By visiting some of the people in his district more than one time, not only is he counting on them remembering him, but he's also getting an opportunity to learn first-hand what it is his constituents want from the person who represents their interests legislatively. A middle-aged man answers the door at a house, keeping inside two large dogs. Sciortino has been to this house before, but that time, he spent most of his time talking to this man's wife. She is concerned about the Green Line extension to Medford.

Her husband is a different story. He doesn't outright tell Sciortino that he has his vote, but he does want to talk. And Sciortino, like any good politician, listens. The man opposes casinos (so does Sciortino), doesn't know what he will do if the cost of fuel continues to skyrocket ("[this will be] one of the most critical issues this fall," says Sciortino) and isn't sure who to support in the national election. Sciortino says he's voting for Sen. Barack Obama, but the man is undecided. The two talk about their Italian heritage. The man asks Sciortino what part of Italy his family is from. Sicily, says Sciortino. There's even town named Sciortino there. You can see it on Google maps, he says.

As the exchanged stretches longer than five minutes, Sciortino gracefully tries to pull himself away, conscious that there are more addresses on his list than there is daylight left.
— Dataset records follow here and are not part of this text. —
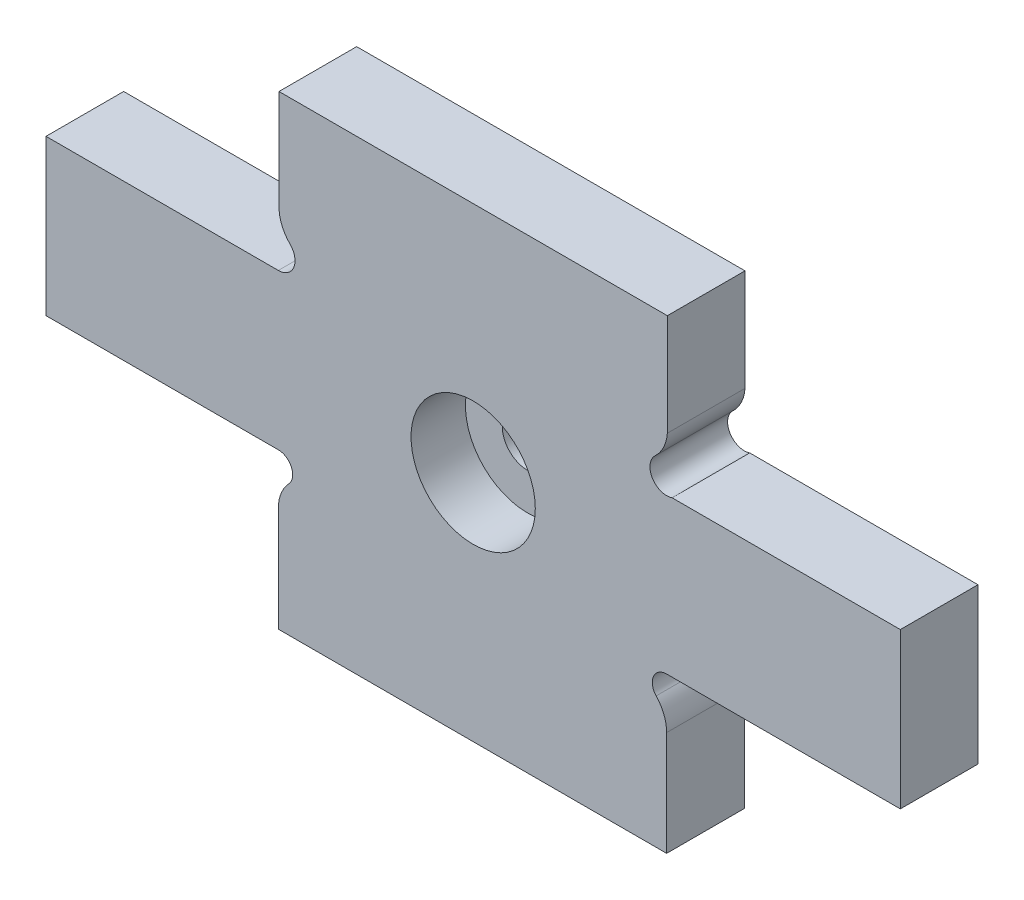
ISO-10303-21;
HEADER;
FILE_DESCRIPTION(('STEP AP214'),'2;1');
FILE_NAME('part.step','',(''),(''),'','','');
FILE_SCHEMA(('AUTOMOTIVE_DESIGN { 1 0 10303 214 1 1 1 1 }'));
ENDSEC;
DATA;
#1=APPLICATION_CONTEXT('core data for automotive mechanical design processes');
#2=APPLICATION_PROTOCOL_DEFINITION('international standard','automotive_design',2000,#1);
#3=PRODUCT_CONTEXT('',#1,'mechanical');
#4=PRODUCT('Part','Part','',(#3));
#5=PRODUCT_RELATED_PRODUCT_CATEGORY('part','',(#4));
#6=PRODUCT_DEFINITION_FORMATION('','',#4);
#7=PRODUCT_DEFINITION_CONTEXT('part definition',#1,'design');
#8=PRODUCT_DEFINITION('design','',#6,#7);
#9=PRODUCT_DEFINITION_SHAPE('','',#8);
#10=(LENGTH_UNIT() NAMED_UNIT(*) SI_UNIT(.MILLI.,.METRE.));
#11=(NAMED_UNIT(*) PLANE_ANGLE_UNIT() SI_UNIT($,.RADIAN.));
#12=(NAMED_UNIT(*) SI_UNIT($,.STERADIAN.) SOLID_ANGLE_UNIT());
#13=UNCERTAINTY_MEASURE_WITH_UNIT(LENGTH_MEASURE(1.E-05),#10,'distance_accuracy_value','');
#14=(GEOMETRIC_REPRESENTATION_CONTEXT(3) GLOBAL_UNCERTAINTY_ASSIGNED_CONTEXT((#13)) GLOBAL_UNIT_ASSIGNED_CONTEXT((#10,
#11,#12)) REPRESENTATION_CONTEXT('',''));
#15=CARTESIAN_POINT('',(0.,0.,0.));
#16=DIRECTION('',(0.,0.,1.));
#17=DIRECTION('',(1.,0.,0.));
#18=AXIS2_PLACEMENT_3D('',#15,#16,#17);
#19=CARTESIAN_POINT('',(0.,0.,10.));
#20=DIRECTION('',(0.,0.,-1.));
#21=DIRECTION('',(-1.,0.,0.));
#22=AXIS2_PLACEMENT_3D('',#19,#20,#21);
#23=CYLINDRICAL_SURFACE('',#22,3.25);
#24=CARTESIAN_POINT('',(0.,0.,0.));
#25=DIRECTION('',(0.,0.,1.));
#26=DIRECTION('',(1.,0.,0.));
#27=AXIS2_PLACEMENT_3D('',#24,#25,#26);
#28=CIRCLE('',#27,3.25);
#29=CARTESIAN_POINT('',(3.25,0.,0.));
#30=VERTEX_POINT('',#29);
#31=EDGE_CURVE('E225',#30,#30,#28,.T.);
#32=ORIENTED_EDGE('',*,*,#31,.F.);
#33=EDGE_LOOP('',(#32));
#34=FACE_BOUND('',#33,.T.);
#35=CARTESIAN_POINT('',(0.,0.,3.));
#36=DIRECTION('',(0.,0.,1.));
#37=DIRECTION('',(1.,0.,0.));
#38=AXIS2_PLACEMENT_3D('',#35,#36,#37);
#39=CIRCLE('',#38,3.25);
#40=CARTESIAN_POINT('',(3.25,0.,3.));
#41=VERTEX_POINT('',#40);
#42=EDGE_CURVE('E49',#41,#41,#39,.T.);
#43=ORIENTED_EDGE('',*,*,#42,.T.);
#44=EDGE_LOOP('',(#43));
#45=FACE_BOUND('',#44,.T.);
#46=ADVANCED_FACE('F45',(#34,#45),#23,.F.);
#47=CARTESIAN_POINT('',(19.9125190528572,-16.5321469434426,10.));
#48=DIRECTION('',(0.,0.,-1.));
#49=DIRECTION('',(-1.,0.,0.));
#50=AXIS2_PLACEMENT_3D('',#47,#48,#49);
#51=CYLINDRICAL_SURFACE('',#50,4.99999999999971);
#52=CARTESIAN_POINT('',(19.9125190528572,-16.5321469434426,0.));
#53=DIRECTION('',(0.,0.,1.));
#54=DIRECTION('',(1.,0.,0.));
#55=AXIS2_PLACEMENT_3D('',#52,#53,#54);
#56=CIRCLE('',#55,4.99999999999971);
#57=CARTESIAN_POINT('',(24.9125190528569,-16.5321469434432,0.));
#58=VERTEX_POINT('',#57);
#59=CARTESIAN_POINT('',(23.5621540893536,-13.1145214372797,0.));
#60=VERTEX_POINT('',#59);
#61=EDGE_CURVE('E220',#58,#60,#56,.T.);
#62=ORIENTED_EDGE('',*,*,#61,.T.);
#63=DIRECTION('',(0.,0.,-1.));
#64=VECTOR('',#63,1.);
#65=CARTESIAN_POINT('',(23.5621540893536,-13.1145214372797,10.));
#66=LINE('',#65,#64);
#67=CARTESIAN_POINT('',(23.5621540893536,-13.1145214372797,10.));
#68=VERTEX_POINT('',#67);
#69=EDGE_CURVE('E11',#68,#60,#66,.T.);
#70=ORIENTED_EDGE('',*,*,#69,.F.);
#71=CARTESIAN_POINT('',(19.9125190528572,-16.5321469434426,10.));
#72=DIRECTION('',(0.,0.,1.));
#73=DIRECTION('',(1.,0.,0.));
#74=AXIS2_PLACEMENT_3D('',#71,#72,#73);
#75=CIRCLE('',#74,4.99999999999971);
#76=CARTESIAN_POINT('',(24.9125190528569,-16.5321469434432,10.));
#77=VERTEX_POINT('',#76);
#78=EDGE_CURVE('E279',#77,#68,#75,.T.);
#79=ORIENTED_EDGE('',*,*,#78,.F.);
#80=DIRECTION('',(0.,0.,-1.));
#81=VECTOR('',#80,1.);
#82=CARTESIAN_POINT('',(24.9125190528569,-16.5321469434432,10.));
#83=LINE('',#82,#81);
#84=EDGE_CURVE('E216',#77,#58,#83,.T.);
#85=ORIENTED_EDGE('',*,*,#84,.T.);
#86=EDGE_LOOP('',(#62,#70,#79,#85));
#87=FACE_BOUND('',#86,.T.);
#88=ADVANCED_FACE('F47',(#87),#51,.T.);
#89=CARTESIAN_POINT('',(24.9125190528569,-11.8499999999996,10.));
#90=DIRECTION('',(0.,0.,-1.));
#91=DIRECTION('',(-1.,0.,0.));
#92=AXIS2_PLACEMENT_3D('',#89,#90,#91);
#93=CYLINDRICAL_SURFACE('',#92,1.84999999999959);
#94=CARTESIAN_POINT('',(24.9125190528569,-11.8499999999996,0.));
#95=DIRECTION('',(0.,0.,-1.));
#96=DIRECTION('',(1.,0.,0.));
#97=AXIS2_PLACEMENT_3D('',#94,#95,#96);
#98=CIRCLE('',#97,1.84999999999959);
#99=CARTESIAN_POINT('',(24.9125190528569,-10.,0.));
#100=VERTEX_POINT('',#99);
#101=EDGE_CURVE('E224',#60,#100,#98,.T.);
#102=ORIENTED_EDGE('',*,*,#101,.T.);
#103=DIRECTION('',(0.,0.,-1.));
#104=VECTOR('',#103,1.);
#105=CARTESIAN_POINT('',(24.9125190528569,-10.,10.));
#106=LINE('',#105,#104);
#107=CARTESIAN_POINT('',(24.9125190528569,-10.,10.));
#108=VERTEX_POINT('',#107);
#109=EDGE_CURVE('E56',#108,#100,#106,.T.);
#110=ORIENTED_EDGE('',*,*,#109,.F.);
#111=CARTESIAN_POINT('',(24.9125190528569,-11.8499999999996,10.));
#112=DIRECTION('',(0.,0.,-1.));
#113=DIRECTION('',(1.,0.,0.));
#114=AXIS2_PLACEMENT_3D('',#111,#112,#113);
#115=CIRCLE('',#114,1.84999999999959);
#116=EDGE_CURVE('E143',#68,#108,#115,.T.);
#117=ORIENTED_EDGE('',*,*,#116,.F.);
#118=ORIENTED_EDGE('',*,*,#69,.T.);
#119=EDGE_LOOP('',(#102,#110,#117,#118));
#120=FACE_BOUND('',#119,.T.);
#121=ADVANCED_FACE('F437',(#120),#93,.F.);
#122=CARTESIAN_POINT('',(24.9125190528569,-10.,10.));
#123=DIRECTION('',(0.,1.,0.));
#124=DIRECTION('',(-1.,0.,0.));
#125=AXIS2_PLACEMENT_3D('',#122,#123,#124);
#126=PLANE('',#125);
#127=DIRECTION('',(1.,0.,0.));
#128=VECTOR('',#127,1.);
#129=CARTESIAN_POINT('',(24.9125190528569,-10.,0.));
#130=LINE('',#129,#128);
#131=CARTESIAN_POINT('',(55.0000000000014,-9.99999999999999,0.));
#132=VERTEX_POINT('',#131);
#133=EDGE_CURVE('E228',#100,#132,#130,.T.);
#134=ORIENTED_EDGE('',*,*,#133,.T.);
#135=DIRECTION('',(0.,0.,-1.));
#136=VECTOR('',#135,1.);
#137=CARTESIAN_POINT('',(55.0000000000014,-9.99999999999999,10.));
#138=LINE('',#137,#136);
#139=CARTESIAN_POINT('',(55.0000000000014,-9.99999999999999,10.));
#140=VERTEX_POINT('',#139);
#141=EDGE_CURVE('E338',#140,#132,#138,.T.);
#142=ORIENTED_EDGE('',*,*,#141,.F.);
#143=DIRECTION('',(1.,0.,0.));
#144=VECTOR('',#143,1.);
#145=CARTESIAN_POINT('',(24.9125190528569,-10.,10.));
#146=LINE('',#145,#144);
#147=EDGE_CURVE('E349',#108,#140,#146,.T.);
#148=ORIENTED_EDGE('',*,*,#147,.F.);
#149=ORIENTED_EDGE('',*,*,#109,.T.);
#150=EDGE_LOOP('',(#134,#142,#148,#149));
#151=FACE_BOUND('',#150,.T.);
#152=ADVANCED_FACE('F347',(#151),#126,.F.);
#153=CARTESIAN_POINT('',(55.0000000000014,-9.99999999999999,10.));
#154=DIRECTION('',(-1.,0.,0.));
#155=DIRECTION('',(0.,-1.,0.));
#156=AXIS2_PLACEMENT_3D('',#153,#154,#155);
#157=PLANE('',#156);
#158=DIRECTION('',(0.,1.,0.));
#159=VECTOR('',#158,1.);
#160=CARTESIAN_POINT('',(55.0000000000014,-9.99999999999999,0.));
#161=LINE('',#160,#159);
#162=CARTESIAN_POINT('',(55.0000000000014,10.,0.));
#163=VERTEX_POINT('',#162);
#164=EDGE_CURVE('E231',#132,#163,#161,.T.);
#165=ORIENTED_EDGE('',*,*,#164,.T.);
#166=DIRECTION('',(0.,0.,-1.));
#167=VECTOR('',#166,1.);
#168=CARTESIAN_POINT('',(55.0000000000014,10.,10.));
#169=LINE('',#168,#167);
#170=CARTESIAN_POINT('',(55.0000000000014,10.,10.));
#171=VERTEX_POINT('',#170);
#172=EDGE_CURVE('E334',#171,#163,#169,.T.);
#173=ORIENTED_EDGE('',*,*,#172,.F.);
#174=DIRECTION('',(0.,1.,0.));
#175=VECTOR('',#174,1.);
#176=CARTESIAN_POINT('',(55.0000000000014,-9.99999999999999,10.));
#177=LINE('',#176,#175);
#178=EDGE_CURVE('E368',#140,#171,#177,.T.);
#179=ORIENTED_EDGE('',*,*,#178,.F.);
#180=ORIENTED_EDGE('',*,*,#141,.T.);
#181=EDGE_LOOP('',(#165,#173,#179,#180));
#182=FACE_BOUND('',#181,.T.);
#183=ADVANCED_FACE('F358',(#182),#157,.F.);
#184=CARTESIAN_POINT('',(55.0000000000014,10.,10.));
#185=DIRECTION('',(0.,-1.,0.));
#186=DIRECTION('',(1.,0.,0.));
#187=AXIS2_PLACEMENT_3D('',#184,#185,#186);
#188=PLANE('',#187);
#189=DIRECTION('',(-1.,0.,0.));
#190=VECTOR('',#189,1.);
#191=CARTESIAN_POINT('',(55.0000000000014,10.,0.));
#192=LINE('',#191,#190);
#193=CARTESIAN_POINT('',(25.6054544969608,10.,0.));
#194=VERTEX_POINT('',#193);
#195=EDGE_CURVE('E234',#163,#194,#192,.T.);
#196=ORIENTED_EDGE('',*,*,#195,.T.);
#197=DIRECTION('',(0.,0.,-1.));
#198=VECTOR('',#197,1.);
#199=CARTESIAN_POINT('',(25.6054544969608,10.,10.));
#200=LINE('',#199,#198);
#201=CARTESIAN_POINT('',(25.6054544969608,10.,10.));
#202=VERTEX_POINT('',#201);
#203=EDGE_CURVE('E330',#202,#194,#200,.T.);
#204=ORIENTED_EDGE('',*,*,#203,.F.);
#205=DIRECTION('',(-1.,0.,0.));
#206=VECTOR('',#205,1.);
#207=CARTESIAN_POINT('',(55.0000000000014,10.,10.));
#208=LINE('',#207,#206);
#209=EDGE_CURVE('E364',#171,#202,#208,.T.);
#210=ORIENTED_EDGE('',*,*,#209,.F.);
#211=ORIENTED_EDGE('',*,*,#172,.T.);
#212=EDGE_LOOP('',(#196,#204,#210,#211));
#213=FACE_BOUND('',#212,.T.);
#214=ADVANCED_FACE('F362',(#213),#188,.F.);
#215=CARTESIAN_POINT('',(24.9125190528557,12.0392494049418,10.));
#216=DIRECTION('',(0.,0.,-1.));
#217=DIRECTION('',(-1.,0.,0.));
#218=AXIS2_PLACEMENT_3D('',#215,#216,#217);
#219=CYLINDRICAL_SURFACE('',#218,2.15376360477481);
#220=CARTESIAN_POINT('',(24.9125190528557,12.0392494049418,0.));
#221=DIRECTION('',(0.,0.,-1.));
#222=DIRECTION('',(1.,0.,0.));
#223=AXIS2_PLACEMENT_3D('',#220,#221,#222);
#224=CIRCLE('',#223,2.15376360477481);
#225=CARTESIAN_POINT('',(23.4920014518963,13.658146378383,0.));
#226=VERTEX_POINT('',#225);
#227=EDGE_CURVE('E237',#194,#226,#224,.T.);
#228=ORIENTED_EDGE('',*,*,#227,.T.);
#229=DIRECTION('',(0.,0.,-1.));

It's clear, though, that this is what Sciortino likes doing, talking with constituents, about issues, sure, but sometimes not talking about issues is fine, too.

"I love it. This is one of the best experiences of my career. I know that's something a lot of politicians would say about canvassing. But I really believe it. And that's not something I would have said the first time I ran for office," Sciortino tells me this after we've finished for the night. We've returned to his campaign office, a nondescript storefront on a residential street, where a radio broadcast from the Democratic Party Convention is playing. Sciortino checks in with his campaign volunteer coordinator, Erin O'Leary, who was also out canvassing tonight. Most nights, says Sciortino, he knocks on doors alone, but there are others out there doing the same on his behalf.

O'Leary is dogged in her efforts to recruit volunteers. Over the past few months, she's asked me repeatedly to volunteer for the campaign, even though I tell her it's a conflict of interest and that however much I like Sciortino as a person, I can't stump on his behalf. But she's had better luck with other people. Most nights, the campaign has 15 volunteers going door to door. On this night, the last volunteer returns to the office at a little after 9 p.m. She's identified eight previously unidentified Sciortino supporters and talked to even more than that.

And while Sciortino says it's a good day when a volunteer has better luck than the candidate and I'm preparing to leave, I'm reminded of one of the conversations he had with someone who was home. We were on Main Street, at a three-decker. Sciortino rung the doorbell of an upstairs apartment. Someone else living in the multi-unit house, a woman, came to the door. Sciortino asked her who she's supporting in the election.

She's not even registered to vote, she told him, and regardless, she wouldn't vote anyway. She "hasn't found anyone I can believe in," she said.

It's honest, this woman, carrying her dinner of take-out, telling a candidate there is no one in whom she can believe. And Sciortino responded in turn, equally honest.

"I hope to be that someone you can believe in."

She smiled at him and took his campaign materials when he offered them to her. She wished him good luck and went back inside, closing the door behind her. Sciortino looked for a few seconds at the closed door, then again at his clipboard, and we walked away, onward to the next house on the list.